The author and playwright also watches others get pleasure from doing things for him, whilst aware it is an unequal exchange. At times, he writhes and objects: one day when his partner Isabella d'Amico was trying to floss his teeth when he was dictating to his son, he fights with her, coming to feel like "both a helpless baby and a terrible tyrant".

The front cover of the book Shattered by Hanif Kureishi

It's impossible to read Shattered without coming to an intimate understanding of the workings of Kureishi's body.  (Supplied: Penguin Random House)

Mostly though, he told me, his illness has brought out the best in others "and seems to have done the same to me". Female friends tidy his room, remote acquaintances shadow his door.

In hospital you have time to talk, too, something he luxuriates in.

Kureishi describes conversation as a kind of anti-capitalist activity, play for adults. With his friend, Lady G, one day, he discusses cross-dressing, marrying the wrong person, a friend who was struck by lightning, violent disputes with siblings, and why so many people, especially on radio, begin sentences with the word "so" .

"Friends of mine came to visit me every single day, and they brought me three course meals, and they would read the newspapers to me, and they would brush my hair, and they would give me a head massage, and they would feed me, and so on," he said. "And the nurses and doctors, I would have long conversations with them about their lives, about who they were. … You could say to them, Why are you doing this? What brought you here? Why are you in this country? Why do you want to do this job? And you could have the most incredible conversations.

"I tell you, if you want to meet new people, it's a good idea to break your neck. And if you're interested in other people, you want to hear their stories. There's plenty of them. So, far from thinking of the world as being this terrible hellhole where people love to kill each other, which it is, I saw another side of it. Actually, I still see another side of it, particularly with my friends, the people who come and visit me every day and spent time with me. So it was a very illuminating experience to be in hospital for a year."

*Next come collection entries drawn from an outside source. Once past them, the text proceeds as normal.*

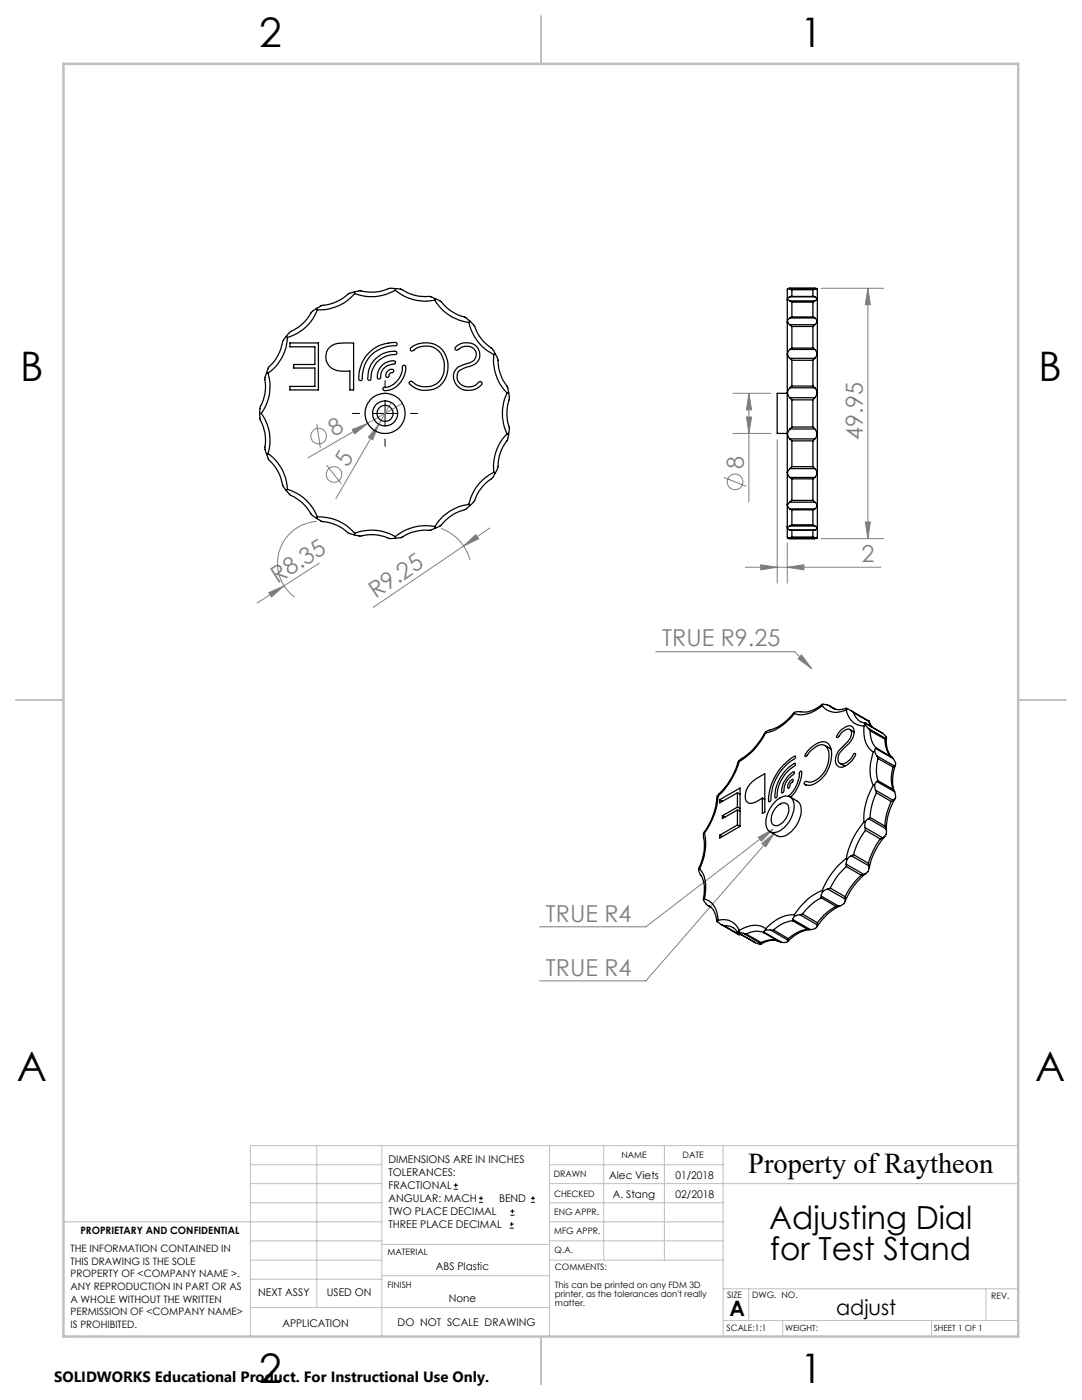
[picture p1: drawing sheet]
<svg xmlns="http://www.w3.org/2000/svg" width="216mm" height="279mm" viewBox="0 0 216 279" stroke-linecap="round" stroke-linejoin="round" font-family="sans-serif">
<g fill="none" stroke="#808080" stroke-width=".2">
<path d="M163.9 57.5h12.5M173.2 57.5l.5 3.3h-1.1zM173.2 57.5v50M146.3 78.5h7.5M149.4 78.5l.6 3.3h-1.1zM149.4 78.5v21.7M63.2 84.7l.7 4.7M65.2 92.8l2.9 3.8M70.3 85.7l3.1-1.2-2.6 2.1zM73.4 84.5l-11.9 6.9M75.6 84.7l-1.2 3.1-.9-.5zM75.6 84.7l-8.6 14.8"/>
<path d="M78.1 80.3l-2.5 4.4M80.3 80.5l-6.9 4M144.5 95.3l4.4 1.7M146.3 86.5h7.5M148.9 83.2h1.1l-.6 3.3zM155.1 87.8v28.6M53.6 118.3l3.1-1.4-2.5 2.2zM63.1 104.1a8.4 8.4 0 0 0-7.4 6 8.4 8.4 0 0 0 3 9M63.7 112.4l-12.4 7.9M88 105.4a9.2 9.2 0 0 1 5.8 6.3M92.5 109l2.4-2.3 .6 .8zM92.5 109l-18 12.2"/>
<path d="M97.8 105.4l-5.3 3.6M148.7 113.2h27.1M151.8 112.7l3.3 .5-3.3 .5zM157.1 113.2l3.3-.5v1zM157.1 108.4v8M163.9 107.5h12.5M172.6 104.2h1.1l-.5 3.3zM130.8 130.1h27.8l3.3 3.3M159.9 130.7l2 2.7-2.7-2zM151.3 167.1l2.9-1.6-2.3 2.4zM152 168.3l2.6-2.1-1.8 2.8zM154.2 165.5l-25.3 19.5h-21.3"/>
<path d="M154.6 166.2l-25.7 29.6h-21.3"/>
<circle cx="63.6" cy="87" r="1.55"/>
<circle cx="66.6" cy="94.7" r="1.56"/>
<circle cx="146.7" cy="96.2" r="1.55"/>
</g>
<g fill="none" stroke="#000" stroke-width=".2">
<path d="M76.8 76v1.4M76.8 80v5.1M70.3 82.5h1.5M74.3 82.5h5.1M76.8 87.6v1.4M81.9 82.5h1.5M90.6 237.3h.8M90.6 236.5h.8M90.9 236.1v.9M95.6 240h.8M95.6 239.1h.8M96 238.7v.8"/>
<path d="M105.9 240h.9M105.9 239.1h.9M106.4 238.7v.8M101.7 245.1h.8M101.7 244.3h.8M101.8 242.5h.9M101.8 241.7h.9M102.1 243.9v.8M102.2 241.3v.8"/>
</g>
<g fill="none" stroke="#c0c0c0" stroke-width=".2">
<path d="M50 232.4h26.2M50 236.2h26.2M63.2 228.6v32.3M76.2 228.6v38.1M109.6 228.6v38.1M109.6 232.4h34.7M109.6 236.2h93.6M120.5 228.6v22.9M132.6 228.6v22.9M144.3 228.6v38.1M203.2 228.6h-153.2v38.1M12.7 243.8h63.5"/>
<path d="M50 251.5h26.2M50 240h26.2M50 247.7h26.2M50 255.3h26.2M76.2 254.6h33.4M76.2 248.4h33.4M109.6 251.5h34.7M109.6 243.8h34.7M109.6 240h34.7M109.6 247.7h34.7M144.3 257.2h58.9M149.4 257.2v6.3"/>
<path d="M196.7 257.2v6.3M50 260.9h59.6M144.3 263.5h58.9M156.2 263.5v3.2M185.9 263.5v3.2"/>
</g>
<path d="M108 3.2v9.5M3.1 139.7h9.6M203.2 139.7h9.5M108 266.7v9.6" fill="none" stroke="#c0c0c0" stroke-width=".25"/>
<path d="M12.7 12.7h190.5v254h-190.5z" fill="none" stroke="#c0c0c0" stroke-width=".5"/>
<g fill="#808080">
<path d="M70.3 85.7l3.1-1.2-2.6 2.1z"/>
<path d="M53.6 118.3l3.1-1.4-2.5 2.2z"/>
<path d="M92.5 109l2.4-2.3 .6 .8z"/>
<path d="M75.6 84.7l-1.2 3.1-.9-.5z"/>
<path d="M151.8 112.7l3.3 .5-3.3 .5zM157.1 113.2l3.3-.5v1zM151.3 167.1l.6 .8 2.3-2.4zM152 168.3l.8 .7 1.8-2.8zM159.9 130.7l-.7 .7 2.7 2z"/>
<path d="M173.2 57.5l.5 3.3h-1.1zM172.6 104.2h1.1l-.5 3.3zM149.4 78.5l.6 3.3h-1.1zM148.9 83.2h1.1l-.6 3.3z"/>
</g>
<g fill="none" stroke="#000" stroke-width=".25">
<path d="M70.7 58.3l-1 .2a10.2 10.2 0 0 1-5.7 2.6l-.9 .5M70.7 58.3l.1 .3M70.8 58.6a9.3 9.3 0 0 1-7.5 3.2M78.9 57.9a9.3 9.3 0 0 1-8.1 .7M78.9 57.9a9.2 9.2 0 0 0 7.8 2M78.9 57.6l-1-.1a10.7 10.7 0 0 1-6.3 .6l-.9 .2M78.9 57.6v.3M78.9 57.6h.4a3.9 3.9 0 0 1 2.2 .9 11.1 11.1 0 0 0 4.5 .7l.9 .4M86.7 59.9a9.4 9.4 0 0 0 6.9 4.4M86.9 59.6a4.1 4.1 0 0 1 2.1 1.7l1.1 .9 1.9 .9a3 3 0 0 1 1.8 1M86.9 59.6l-.2 .3M157.1 59.9v4.4"/>
<path d="M157.1 59.6v.3M157.1 59.6l.5 .4M157.1 57.6v2.3M157.1 57.6l.5 .1M157.1 57.6h6M157.6 59.2l-.5 .4M157.6 59.2h5M157.6 57.7l.4 .1M157.6 57.7h5M158 57.8v1.4M158 57.8h4.2M162.2 57.8v1.4"/>
<path d="M162.6 59.2l.5 .4M162.6 57.7l-.4 .1M163.1 59.6l-.5 .4M163.1 57.6l-.5 .1M163.1 57.6v2.3M163.1 59.6v.3M163.1 59.9v4.4M53.2 74.4l.3 .1M53.2 74.4l-.3 1a9.8 9.8 0 0 1-1 6.1l-.1 1M53.5 74.5a9 9 0 0 1-1.4 8M57.1 67.1l-.6 .8a10 10 0 0 1-3 5.5l-.3 1M57.1 67.1l.3 .2"/>
<path d="M57.4 67.3a9.2 9.2 0 0 1-3.9 7.2M57.9 68.4h5.6v9.4h-5.6v-.7h4.9v-3.7h-4.2v-.7h4.2v-3.5h-4.9zM63.1 61.6a4 4 0 0 0-1.8 2 12.6 12.6 0 0 1-3.6 2.9l-.6 .6M63.1 61.6l.2 .2M63.3 61.8a9 9 0 0 1-5.9 5.5M65.8 69.3a5.2 5.2 0 0 1 4-.9l.8 .1v9.3h-.8v-3.8l-.6 .1a3.8 3.8 0 0 1-3.9-1.6 2.86 2.86 0 0 1 .5-3.2zM73.7 70.4a6.8 6.8 0 0 1 5.4-2 .4 .4 0 0 1 0 .6 .4 .4 0 0 1-.5 0 6.4 6.4 0 0 0-6.4 6.8 .38 .38 0 0 1-.5 .1 .38 .38 0 0 1-.1-.5 7.4 7.4 0 0 1 2.1-5zM75 71.5a4.8 4.8 0 0 1 4.1-1.3 .35 .35 0 0 1 .1 .3 .35 .35 0 0 1-.4 .3 4.8 4.8 0 0 0-4.9 5 .4 .4 0 0 1-.5-.1 .4 .4 0 0 1 0-.5v-.5a4.8 4.8 0 0 1 1.6-3.2zM76.3 72.8a2.46 2.46 0 0 1 2.5-.7 .34 .34 0 0 1 .1 .4 .34 .34 0 0 1-.4 .2 2.7 2.7 0 0 0-2.6 2.8 .32 .32 0 0 1-.4 .1 .32 .32 0 0 1-.2-.3v-.6a3.2 3.2 0 0 1 1-1.9zM77.2 74.3a.85 .85 0 0 1 1.4-.4 .68 .68 0 0 1-.7 .6l-.3 .3a.37 .37 0 0 1-.3 .5 .37 .37 0 0 1-.3-.5zM80.5 72.9a.35 .35 0 0 1 .4 .1 .35 .35 0 0 1 .1 .3 4.3 4.3 0 0 1-4.4 4.6 .38 .38 0 0 1-.1-.5 .38 .38 0 0 1 .5-.1 4.4 4.4 0 0 0 3.4-4.3zM82.1 69.4a4.5 4.5 0 0 1 5.2-.4 4.5 4.5 0 0 1 2.1 4.8 4.4 4.4 0 0 1-3 3.9 4.4 4.4 0 0 1-4.8-1.2 .45 .45 0 0 1 .4-.4 .45 .45 0 0 1 .5 .3 3.7 3.7 0 0 0 4.2 .4 3.7 3.7 0 0 0 2-3.7 3.7 3.7 0 0 0-2.1-3.7 3.7 3.7 0 0 0-4.3 .7 .38 .38 0 0 1-.4-.3 .38 .38 0 0 1 .2-.4z"/>
<path d="M90.8 69.3a2.97 2.97 0 0 1 4.7 .4 2.45 2.45 0 0 1-2.3 3.5l-.5 .2a1.93 1.93 0 0 0-1.5 2.2 1.93 1.93 0 0 0 2.1 1.6 3.1 3.1 0 0 0 2.3-1 .42 .42 0 0 1 .6 .2 .42 .42 0 0 1-.3 .6 3.1 3.1 0 0 1-3.2 .8 3.1 3.1 0 0 1-2.2-2.5 2.35 2.35 0 0 1 1.9-2.5 3.6 3.6 0 0 0 2.5-1.3 1.73 1.73 0 0 0-.3-1.9 1.73 1.73 0 0 0-1.8-.5l-.7 .2-.8 .5a.38 .38 0 0 1-.4 0 .38 .38 0 0 1-.1-.5zM93.6 64.3a9.4 9.4 0 0 0 4.9 6.5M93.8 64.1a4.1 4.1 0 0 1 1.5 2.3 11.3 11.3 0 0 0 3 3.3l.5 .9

You find yourself asking — what kind of person am I? What kind of friend?

'I'm still capable of happiness'

Kureishi's candour is rare. The ill or broken so often feel compelled or forced to hide or sanitise their experiences. But this honesty unravelled me when I read it. It's clear this is how he has Stayed Upright: writing, caustic humour, and the gentle care of others.

Shattered was written not with gentle hindsight, but "from the trenches", as he says. Others, too, may relate to the long stints spent in hospital, acute defencelessness, shock, grief and impotence when random accidents upend futures.

He can't use his hands, can't write, can't walk, can't use his legs. What he has left, he said , is his voice: "So I'm still myself, in some sense, and I'm still an artist."

"We are bodies that fail. We are our bodies that require to be administered to by doctors and nurses. On the other hand, we are spirits. We are souls that rise above our bodily selves that communicate with other people. So, I think the book explores the fact that we're all those things at once. But for me, writing is the way in which I could transcend the horror of my experience and get back to living a little which is very important.

"I'm still capable of enjoying life. I'm still capable of happiness. I'm still capable of conversation. There's much, much more to one's life than one might think."